Meer aanvragen voor intensieve AWBZ-zorg
1 reactieHet aantal chronische patiënten met een ‘zware’ indicatie voor zorg neemt toe ten koste van het aantal met een ‘lichte’ indicatie. Dat meldt De Volkskrant.
Wie in aanmerking wil komen voor intramurale AWBZ-zorg, heeft daarvoor een zogeheten zorgzwaartepakket (zzp) nodig. Tot dit jaar kwamen ouderen met een zzp 1 of 2 in aanmerking voor zorg in een verzorgingshuis, maar dat is nu veranderd: alleen ouderen met een zzp van 3 of hoger krijgen nu nog toegang tot de intramurale zorg, vanaf volgend jaar alleen nog mensen met een zzp 4 of hoger. Voor gehandicapten en psychiatrische patiënten geldt een vergelijkbare verandering. De zzp’s worden toegekend door het Centrum indicatiestelling zorg (CIZ).
Volgens De Volkskrant steeg het aantal aanvragen voor zwaardere zorg in de periode 2009-2012 met 50 procent tot 118 duizend; het aantal aanvragen voor lichtere zorg daalde juist. De kosten liepen op met 37 procent naar 3,6 miljard euro. Vooral in 2012 zou een duidelijke toename van zwaardere zorg zichtbaar zijn.
Een sluitende verklaring is er niet, meldt De Volkskrant. Mogelijk zouden patiënten soms ten onrechte naar een hogere categorie worden doorgeschoven, zodat zij in aanmerking blijven komen voor intramurale zorg.

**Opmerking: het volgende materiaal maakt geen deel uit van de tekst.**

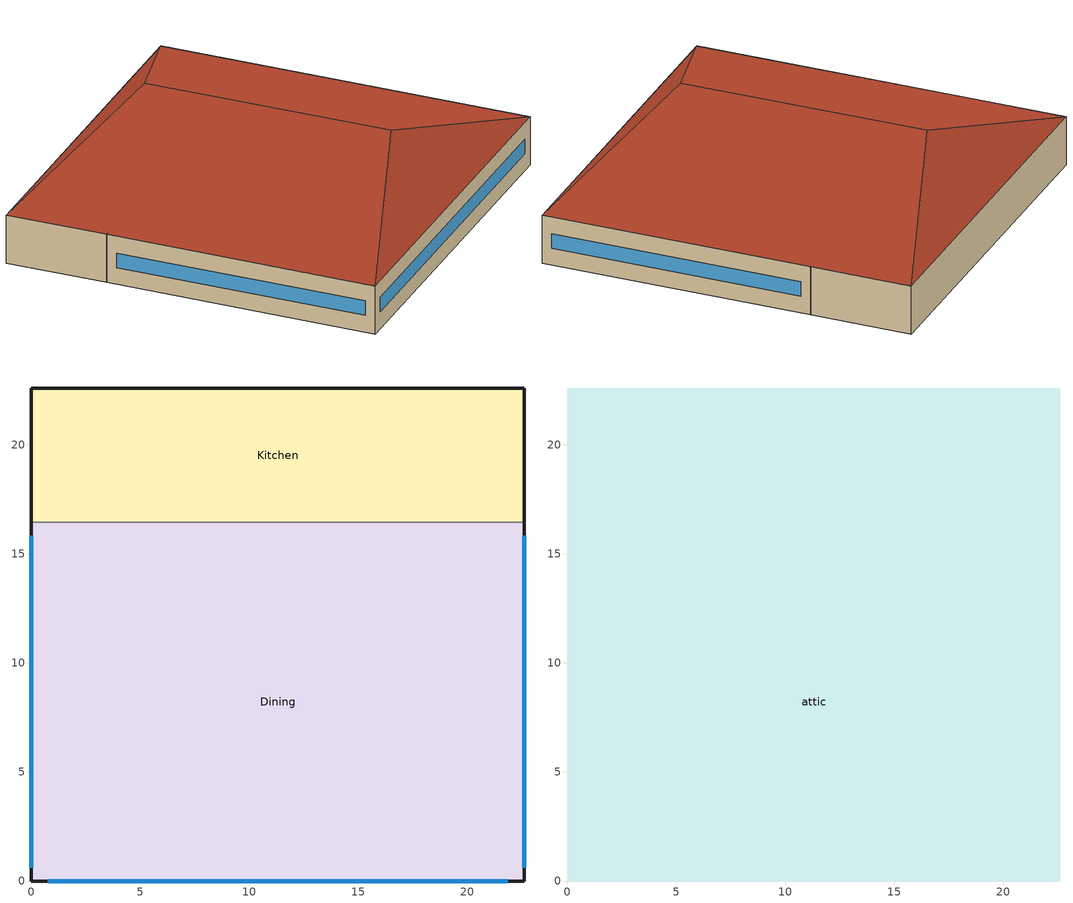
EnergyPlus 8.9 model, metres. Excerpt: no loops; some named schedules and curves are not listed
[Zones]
Dining
 floor foundation (Exterior Slab): 22.61,16.44 22.61,0 0,0 0,16.44 z0
 wall outside (Exterior Wall): 0,16.44 0,0 22.61,0 22.61,16.44 z0:3.05
 wall to Kitchen (Interior Wall): 22.61,16.44 0,16.44 z0:3.05
 window (Exterior Window): 22.61,0.6 22.61,15.84 / 0.75,0 21.86,0 / 0,15.84 0,0.6 z1.07:1.98
Kitchen
 floor foundation (Exterior Slab): 22.61,22.61 22.61,16.44 0,16.44 0,22.61 z0
 wall outside (Exterior Wall): 22.61,16.44 22.61,22.61 0,22.61 0,16.44 z0:3.05
attic
 floor to Dining (Interior Floor): 22.61,16.44 22.61,0 0,0 0,16.44 z3.05
 floor to Kitchen (Interior Floor): 22.61,22.61 22.61,16.44 0,16.44 0,22.61 z3.05
 roof outside (Exterior Roof): 11.3,3.77,6.82 22.61,0,3.05 22.61,22.61,3.05 11.3,18.84,6.82; 22.61,22.61,3.05 0,22.61,3.05 11.3,18.84,6.82; 0,0,3.05 22.61,0,3.05 11.3,3.77,6.82; 11.3,18.84,6.82 0,22.61,3.05 0,0,3.05 11.3,3.77,6.82
[Building]
restaurant-full-service: 0, City, 0.5, 0.5, FullInteriorAndExterior, 10
[Site:Location]
Location=Climate Zone 13_CA_USA Design_Conditions; Latitude {N+ S-}=36.8; Longitude {W- E+}=-119.7; Time Zone Relative to GMT {GMT+/-}=-8; Elevation {m}=100
[SizingPeriod:DesignDay] Day of Month=21; Dry-Bulb Temperature Range Modifier Type=DefaultMultipliers; Humidity Condition Type=Wetbulb; Barometric Pressure {Pa}=100129; Rain {Yes/No}=No; Snow on ground {Yes/No}=No; Daylight Savings Time Indicator=No
Name | Month | Day Type | Maximum Dry-Bulb Temperature {C} | Daily Dry-Bulb Temperature Range {C} | Wetbulb at Maximum Dry-Bulb {C} | Wind Speed {m/s} design conditions vs. traditional 6.71 m/s (15 mph) | Wind Direction {Degrees; N=0, S=180} | Solar Model Indicator | Clearness {0.0 to 1.1} | Wind Speed {m/s} design conditions vs. traditional 3.35 m/s (7mph) | ASHRAE Clear Sky Optical Depth for Beam Irradiance (taub) | ASHRAE Clear Sky Optical Depth for Diffuse Irradiance (taud)
Climate Zone 13 Ann Htg 99.6% Condns DB | 12 | WinterDesignDay | -0.3 | 0 | -0.3 | 1.2 | 80 | ASHRAEClearSky | 0
Climate Zone 13 Ann Clg .4% Condns DB=>MWB | 7 | SummerDesignDay | 39.8 | 16.4 | 21.8 |  | 300 | ASHRAETau |  | 3.7 | 0.428 | 2.152
Climate Zone 13 Ann Clg .4% Condns WB=>MDB | 7 | SummerDesignDay | 36.7 | 16.4 | 23.2 |  | 300 | ASHRAETau |  | 3.7 | 0.428 | 2.152
[Material]
Name | Roughness | Thickness {m} | Conductivity {W/m-K} | Density {kg/m3}(2013 ASHRAE Handbook - Fundamentals Section 26 Table 1 - Extruded polystyrene, smooth skin - aged 180 days) | Specific Heat {J/kg-K}(2013 ASHRAE Handbook - Fundamentals Section 26 Table 1 - Extruded polystyrene, smooth skin - aged 180 days) | Density {kg/m3} | Specific Heat {J/kg-K} | Thermal Absorptance | Solar Absorptance | Visible Absorptance
Roof Continuous Insulation | VeryRough | 0.0674533 | 0.0288 | 32 | 1465
Wall Continuous Insulation | MediumSmooth | 0.0334731 | 0.0288 | 32 | 1465
Roof Membrane | VeryRough | 0.0095 | 0.16 |  |  | 1121.29 | 1460 | 0.85 | 0.7 | 0.7
Metal Decking | MediumSmooth | 0.0015 | 45 |  |  | 7689 | 418 | 0.9 | 0.7 | 0.3
Gypsum 5/8in | MediumSmooth | 0.016 | 0.1622 |  |  | 800 | 1090 | 0.9 | 0.7 | 0.7
Stucco | Smooth | 0.01015 | 0.72 |  |  | 1856 | 840 | 0.9 | 0.7 | 0.7
Concrete NW Solid 6in | Rough | 0.1524 | 2.3075 |  |  | 1968 | 836.8 | 0.9 | 0.7 | 0.2
Wood 6in | MediumSmooth | 0.15 | 0.12 |  |  | 540 | 1210 | 0.9 | 0.7 | 0.7
Concrete MW Solid 4in | Rough | 0.1016 | 0.858 |  |  | 1968 | 836.8 | 0.9 | 0.7 | 0.2
Concrete HW Solid 6in | Rough | 0.1524 | 1.311 |  |  | 2240 | 836.8 | 0.9 | 0.7 | 0.7
Carpet | VeryRough | 0.0127 | 0.06 |  |  | 288 | 1380 | 0.9 | 0.7 | 0.8
[Construction]
Exterior Roof: Roof Membrane, Roof Continuous Insulation, Metal Decking
Exterior Wall: Stucco, Wall Continuous Insulation, Gypsum 5/8in
Interior Floor: Concrete MW Solid 4in, Carpet
Exterior Slab: Concrete HW Solid 6in, Carpet
Slab Footing: Concrete NW Solid 6in
Exterior Window: Theoretical Glazing
Interior Wall: Gypsum 5/8in, Air Space, Gypsum 5/8in
Interior Furnishings: Wood 6in
[Material:AirGap]
Air Space: Thermal Resistance {m2-K/W}=0.16
[WindowMaterial:SimpleGlazingSystem]
Theoretical Glazing: U-Factor {W/m2-K}=3.12323; Solar Heat Gain Coefficient=0.67; Visible Transmittance=0.4
[WindowMaterial:Shade] Solar Transmittance=0.5; Visible Transmittance=0.5; Infrared Hemispherical Emissivity=0.9; Infrared Transmittance=0; Thickness {m}=0.0005; Conductivity {W/m-K}=237; Shade to Glass Distance {m}=0.001; Top Opening Multiplier=0; Bottom Opening Multiplier=0; Left-side Opening Multiplier=0; Right-side Opening Multiplier=0
Name | Solar Reflectance | Visible Reflectance | Air flow permeability
Skylight Diffuser | 0.49 | 0.49 | 0
Window Shade | 0.48 | 0.48 | 0.25
[WindowProperty:ShadingControl]
Skylight Shading: InteriorShade, AlwaysOn, NO, NO, Skylight Diffuser
Window Shade Control: InteriorShade, OnNightAndOnDayIfCoolingAndHighSolarOnWindow, 20, No, No, Window Shade
[SurfaceProperty:OtherSideConditionsModel]
GapConvectionModel: Type of Modeling=GapConvectionRadiation
[Foundation:Kiva:Settings]
Soil Conductivity=1.298; Soil Density=1842; Soil Specific Heat=419; Ground Solar Absorptivity=0.9; Ground Thermal Absorptivity=0.9; Ground Surface Roughness=0.03; Far-Field Width=40; Deep-Ground Boundary Condition=GroundWater; Deep-Ground Depth=40; Simulation Timestep=Timestep
[Foundation:Kiva]
Slab Foundation: Wall Height Above Grade=0; Wall Depth Below Slab=0; Footer Wall Construction=Slab Footing
[Zone] Type=1; Multiplier=1; Floor Area {m2}=autocalculate
Name | Part of Total Floor Area
Dining; Kitchen | Yes
attic | No
[SurfaceProperty:ExposedFoundationPerimeter]
Dining_Floor: TotalExposedPerimeter, 55.49
Kitchen_Floor: TotalExposedPerimeter, 34.95
[ZoneInfiltration:DesignFlowRate]
Name | Zone | Schedule | Design Flow Rate Calculation Method | Flow per Exterior Surface Area {m3/s-m2} | Design Flow Rate {m3/s}
Attic Infiltration | Attic | Attic Infiltration Schedule | Flow/ExteriorArea | 0.000349514
Dining Infiltration | Dining | Dining Infiltration Schedule | Flow/ExteriorArea | 0.000349514
Kitchen Infiltration | Kitchen | Kitchen Infiltration Schedule | Flow/ExteriorArea | 0.000349514
Dining Entry Infiltration | Dining | Dining Entry Infiltration Schedule | Flow/Zone |  | 2.02625
[Lights] Design Level Calculation Method=Watts/Area; Return Air Fraction=0; Fraction Radiant=0.7; Fraction Visible=0.2; Fraction Replaceable=1
Name | Zone | Schedule | Watts per Zone Floor Area {W/m2}
Dining Lighting | Dining | Dining Lighting Schedule | 10.7639
Kitchen Lighting | Kitchen | Kitchen Lighting Schedule | 12.9167
[ElectricEquipment] Design Level Calculation Method=Watts/Area
Name | Zone | Schedule | Watts per Zone Floor Area {W/m2} | Fraction Latent | Fraction Radiant | Fraction Lost
Dining Elec Equip | Dining | Dining Elec Equip Sch | 60.2779 | 0.25 | 0.3 | 0
Kitchen Elec Equip | Kitchen | Kitchen Elec Equip Sch | 376.737 | 0.25 | 0.3 | 0.2
Kitchen Elec Equip 2 | Kitchen | Kitchen Elec Equip Sch 2 | 5.01598 | 0 | 0 | 1
[People] Number of People Calculation Method=People/Area; Fraction Radiant=0.3
Name | Zone | Number of People Schedule | People per Zone Floor Area {person/m2} | Activity Level Schedule
Dining People | Dining | Dining Occupant Sch | 0.753474 | Dining Activity Sch
Kitchen People | Kitchen | Kitchen Occupant Sch | 0.215278 | Kitchen Activity Sch
[InternalMass] Construction=Interior Furnishings
Name | Zone | Surface Area {m2}
Dining Internal Mass | Dining | 743.224
Kitchen Internal Mass | Kitchen | 278.709
[Sizing:Zone] Zone Cooling Design Supply Air Temperature Input Method=SupplyAirTemperature; Zone Cooling Design Supply Air Temperature {C}=13; Zone Heating Design Supply Air Temperature Input Method=SupplyAirTemperature; Zone Heating Design Supply Air Temperature {C}=40; Zone Cooling Design Supply Air Humidity Ratio {kgWater/kgDryAir}=0.0085; Zone Heating Design Supply Air Humidity Ratio {kgWater/kgDryAir}=0.008; Cooling Design Air Flow Method=DesignDay; Heating Design Air Flow Method=DesignDay
Name | Design Specification Outdoor Air Object
Dining | Dining Design OA
Kitchen | Kitchen Design OA
[DesignSpecification:OutdoorAir] Outdoor Air Method=Sum; Outdoor Air Flow per Person {m3/s-person}=0.00353961; Outdoor Air Flow per Zone Floor Area {m3/s-m2}=0.0009144; Outdoor Air Flow per Zone {m3/s}=0
Dining Design OA; Kitchen Design OA
[ZoneControl:Thermostat]
Name | Zone or ZoneList | Control Type Schedule | Control 1
Dining Thermostat | Dining | Dining Thermostat Type Sched | Dining Setpoints
Kitchen Thermostat | Kitchen | Kitchen Thermostat Type Sched | Kitchen Setpoints
[ThermostatSetpoint:DualSetpoint]
Name | Heating Setpoint Temperature Schedule | Cooling Setpoint Temperature Schedule
Dining Setpoints | Dining Heating Setpoint Sch | Dining Cooling Setpoint Sch
Kitchen Setpoints | Kitchen Heating Setpoint Sch | Kitchen Cooling Setpoint Sch
[AvailabilityManager:NightCycle] Control Type=CycleOnAny; Thermostat Tolerance {deltaC}=1; Cycling Run Time Control Type=FixedRunTime; Cycling Run Time {s}=1800
Name | Applicability Schedule | Fan Schedule
Dining Availability Manager | Dining Always On Schedule | Dining Operation Schedule
Kitchen Availability Manager | Kitchen Always On Schedule | Kitchen Operation Schedule
[Zone equipment]
Dining: Dining Exhaust Fan, DININGHYBRID, Dining Unit Heater, Dining PTAC
Kitchen: Kitchen Exhaust Fan, KITCHENHYBRID, Kitchen Unit Heater, Kitchen PTAC
[ZoneHVAC:HybridUnitaryHVAC] Minimum Supply Air Temperature Schedule=MinSupplyT; Maximum Supply Air Temperature Schedule=MaxSupplyT; Minimum Supply Air Humidity Ratio Schedule=MinSupplyHR; Maximum Supply Air Humidity Ratio Schedule=MaxSupplyT; Method to Choose Controlled Inputs and Part Runtime Fraction=AUTOMATIC; System Maximum Supply Air Flow Rate {m3/s}=2; Scaling Factor=1; Number of Operating Modes=3; Minimum Time Between Mode Change {minutes}=10; First Fuel Type=Electricity; Second Fuel Type=None; Third Fuel Type=None; Objective Function to Minimize=Electricity Use; Mode 0=Standby; Mode 0 System Electric Power Lookup Table=Mode0_Power_lookup; Mode 1=Mode1_IEC; Mode 1 Supply Air Temperature Lookup Table=Mode1_TSA_lookup; Mode 1 Supply Air Humidity Ratio Lookup Table=Mode1_wSA_lookup; Mode 1 System Electric Power Lookup Table=Mode1_Power_lookup; Mode 1 Supply Fan Electric Power Lookup Table=Mode1_FanPower_lookup; Mode 1 External Static Pressure Lookup Table=Mode1_ESP_lookup; Mode 1 System Water Use Lookup Table=Mode1_water_lookup; Mode 1 Minimum Outdoor Air Temperature {C}=10; Mode 1 Maximum Outdoor Air Temperature {C}=55; Mode 1 Minimum Outdoor Air Humidity Ratio {kgWater/kgDryAir}=0; Mode 1 Maximum Outdoor Air Humidity Ratio {kgWater/kgDryAir}=0.05; Mode 1 Minimum Outdoor Air Relative Humidity {percent}=0; Mode 1 Maximum Outdoor Air Relative Humidity {percent}=100; Mode 1 Minimum Return Air Humidity Ratio {kgWater/kgDryAir}=0; Mode 1 Maximum Return Air Humidity Ratio {kgWater/kgDryAir}=0.05; Mode 1 Minimum Return Air Relative Humidity {percent}=0; Mode 1 Maximum Return Air Relative Humidity {percent}=100; Mode 1 Minimum Outdoor Air Fraction=1; Mode 1 Maximum Outdoor Air Fraction=1; Mode 1 Minimum Supply Air Mass Flow Rate Ratio=0; Mode 1 Maximum Supply Air Mass Flow Rate Ratio=1; Mode 2=Mode2_Ventilation; Mode 2 Supply Air Temperature Lookup Table=Mode2_TSA_lookup; Mode 2 Supply Air Humidity Ratio Lookup Table=Mode2_wSA_lookup; Mode 2 System Electric Power Lookup Table=Mode2_Power_lookup; Mode 2 Supply Fan Electric Power Lookup Table=Mode2_FanPower_lookup; Mode 2 External Static Pressure Lookup Table=Mode2_ESP_lookup; Mode 2 Minimum Outdoor Air Temperature {C}=10; Mode 2 Maximum Outdoor Air Temperature {C}=26.7; Mode 2 Minimum Outdoor Air Humidity Ratio {kgWater/kgDryAir}=0; Mode 2 Maximum Outdoor Air Humidity Ratio {kgWater/kgDryAir}=0.05; Mode 2 Minimum Outdoor Air Relative Humidity {percent}=0; Mode 2 Maximum Outdoor Air Relative Humidity {percent}=100; Mode 2 Minimum Return Air Temperature {C}=0; Mode 2 Maximum Return Air Temperature {C}=35; Mode 2 Minimum Return Air Humidity Ratio {kgWater/kgDryAir}=0; Mode 2 Maximum Return Air Humidity Ratio {kgWater/kgDryAir}=0.05; Mode 2 Minimum Return Air Relative Humidity {percent}=0; Mode 2 Maximum Return Air Relative Humidity {percent}=100; Mode 2 Minimum Outdoor Air Fraction=1; Mode 2 Maximum Outdoor Air Fraction=1; Mode 2 Minimum Supply Air Mass Flow Rate Ratio=0; Mode 2 Maximum Supply Air Mass Flow Rate Ratio=1; Mode 3 Maximum Outdoor Air Humidity Ratio {kgWater/kgDryAir}=0.1; Mode 3 Maximum Outdoor Air Relative Humidity {percent}=100; Mode 3 Maximum Return Air Humidity Ratio {kgWater/kgDryAir}=0.1; Mode 3 Maximum Return Air Relative Humidity {percent}=100; Mode 3 Minimum Outdoor Air Fraction=0.1; Mode 3 Maximum Outdoor Air Fraction=1; Mode 3 Minimum Supply Air Mass Flow Rate Ratio=0.1; Mode 3 Maximum Supply Air Mass Flow Rate Ratio=1; Mode 4 Maximum Outdoor Air Humidity Ratio {kgWater/kgDryAir}=0.1; Mode 4 Maximum Outdoor Air Relative Humidity {percent}=100; Mode 4 Maximum Return Air Humidity Ratio {kgWater/kgDryAir}=0.1; Mode 4 Maximum Return Air Relative Humidity {percent}=100; Mode 4 Minimum Outdoor Air Fraction=0.1; Mode 4 Maximum Outdoor Air Fraction=1; Mode 4 Minimum Supply Air Mass Flow Rate Ratio=0.1; Mode 4 Maximum Supply Air Mass Flow Rate Ratio=1; Mode 5 Maximum Outdoor Air Humidity Ratio {kgWater/kgDryAir}=0.1; Mode 5 Maximum Outdoor Air Relative Humidity {percent}=100; Mode 5 Maximum Return Air Humidity Ratio {kgWater/kgDryAir}=0.1; Mode 5 Maximum Return Air Relative Humidity {percent}=100; Mode 5 Minimum Outdoor Air Fraction=0.1; Mode 5 Maximum Outdoor Air Fraction=1; Mode 5 Minimum Supply Air Mass Flow Rate Ratio=0.1; Mode 5 Maximum Supply Air Mass Flow Rate Ratio=1; Mode 6 Maximum Outdoor Air Humidity Ratio {kgWater/kgDryAir}=0.1; Mode 6 Maximum Outdoor Air Relative Humidity {percent}=100; Mode 6 Maximum Return Air Humidity Ratio {kgWater/kgDryAir}=0.1; Mode 6 Maximum Return Air Relative Humidity {percent}=100; Mode 6 Minimum Outdoor Air Fraction=0.1; Mode 6 Maximum Outdoor Air Fraction=1; Mode 6 Minimum Supply Air Mass Flow Rate Ratio=0.1; Mode 6 Maximum Supply Air Mass Flow Rate Ratio=1; Mode 7 Maximum Outdoor Air Humidity Ratio {kgWater/kgDryAir}=0.1; Mode 7 Maximum Outdoor Air Relative Humidity {percent}=100; Mode 7 Maximum Return Air Humidity Ratio {kgWater/kgDryAir}=0.1; Mode 7 Maximum Return Air Relative Humidity {percent}=100; Mode 7 Minimum Outdoor Air Fraction=0.1; Mode 7 Maximum Outdoor Air Fraction=1; Mode 7 Minimum Supply Air Mass Flow Rate Ratio=0.1; Mode 7 Maximum Supply Air Mass Flow Rate Ratio=1; Mode 8 Maximum Outdoor Air Humidity Ratio {kgWater/kgDryAir}=0.1; Mode 8 Maximum Outdoor Air Relative Humidity {percent}=100; Mode 8 Maximum Return Air Humidity Ratio {kgWater/kgDryAir}=0.1; Mode 8 Maximum Return Air Relative Humidity {percent}=100; Mode 8 Minimum Outdoor Air Fraction=0.1; Mode 8 Maximum Outdoor Air Fraction=1; Mode 8 Minimum Supply Air Mass Flow Rate Ratio=0.1; Mode 8 Maximum Supply Air Mass Flow Rate Ratio=1; Mode 9 Maximum Outdoor Air Humidity Ratio {kgWater/kgDryAir}=0.1; Mode 9 Maximum Outdoor Air Relative Humidity {percent}=100; Mode 9 Maximum Return Air Humidity Ratio {kgWater/kgDryAir}=0.1; Mode 9 Maximum Return Air Relative Humidity {percent}=100; Mode 9 Minimum Outdoor Air Fraction=0.1; Mode 9 Maximum Outdoor Air Fraction=1; Mode 9 Minimum Supply Air Mass Flow Rate Ratio=0.1; Mode 9 Maximum Supply Air Mass Flow Rate Ratio=1; Mode 10 Maximum Outdoor Air Humidity Ratio {kgWater/kgDryAir}=0.1; Mode 10 Maximum Outdoor Air Relative Humidity {percent}=100; Mode 10 Maximum Return Air Humidity Ratio {kgWater/kgDryAir}=0.1; Mode 10 Maximum Return Air Relative Humidity {percent}=100; Mode 10 Minimum Outdoor Air Fraction=0.1; Mode 10 Maximum Outdoor Air Fraction=1; Mode 10 Minimum Supply Air Mass Flow Rate Ratio=0.1; Mode 10 Maximum Supply Air Mass Flow Rate Ratio=1; Mode 11 Maximum Outdoor Air Humidity Ratio {kgWater/kgDryAir}=0.1; Mode 11 Maximum Outdoor Air Relative Humidity {percent}=100; Mode 11 Maximum Return Air Humidity Ratio {kgWater/kgDryAir}=0.1; Mode 11 Maximum Return Air Relative Humidity {percent}=100; Mode 11 Minimum Outdoor Air Fraction=0.1; Mode 11 Maximum Outdoor Air Fraction=1; Mode 11 Minimum Supply Air Mass Flow Rate Ratio=0.1; Mode 11 Maximum Supply Air Mass Flow Rate Ratio=1; Mode 12 Maximum Outdoor Air Humidity Ratio {kgWater/kgDryAir}=0.1; Mode 12 Maximum Outdoor Air Relative Humidity {percent}=100; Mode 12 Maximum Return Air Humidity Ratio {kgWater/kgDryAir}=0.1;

‘De zogenaamd onafhankelijke indicatiestelling werkt niet’, zegt echter Mieke Draijer, specialist ouderengeneeskunde en voorzitter van Verenso. ‘Wie indiceert is afhankelijk van informatie van de mensen zelf. En in dezelfde situatie zal de één zeggen alles nog te kunnen, terwijl de ander juist erg veel last zegt te ervaren. De informatie is niet objectief. Ze is subjectief, juist door de manier waarop ze is verzameld. ‘
Joost Visser
Lees ook:
Dr. Willibrord Beemsterboer
arts, beleidsmedewerker Centr, Driebergen
In de Nieuwsrubriek van MC van 19 mei slaat Mieke Draijer, specialist ouderengeneeskunde en voorzitter van Verenso, de plank pijnlijk mis als zij in het item `Meer aanvragen voor intensieve AWBZ-zorg` beweert, dat wie indiceert afhankelijk is van inf...ormatie van de mensen zelf. `De zogenaamde onafhankelijke indicatiestelling werkt niet`, aldus mevrouw Draijer. En zij vervolgt: `In dezelfde situatie zal de één zeggen alles nog te kunnen, terwijl de ander juist erg veel last zegt te ervaren. De informatie is niet objectief.` Collega Draijer weet kennelijk niet dat het objectiveren van door aanvragers van AWBZ-zorg aangeleverde gegevens nu juist geschiedt door deze gegevens zo nodig, d.i. als deze gegevens ongeloofwaardig of onvolledig zijn, bij betreffende aanvrager of diens hulpverleners/behandelaars te verifieren. Indicatiestellers en indicerende artsen beschikken over de medische deskundigheid om de variabiliteit in presentatie van klachten en beperkingen op de juiste waarde te schatten en bij eventuele discrepanties kritische vragen te stellen - en doen dat ook. De onafhankelijke indicatiestelling werkt dus wel.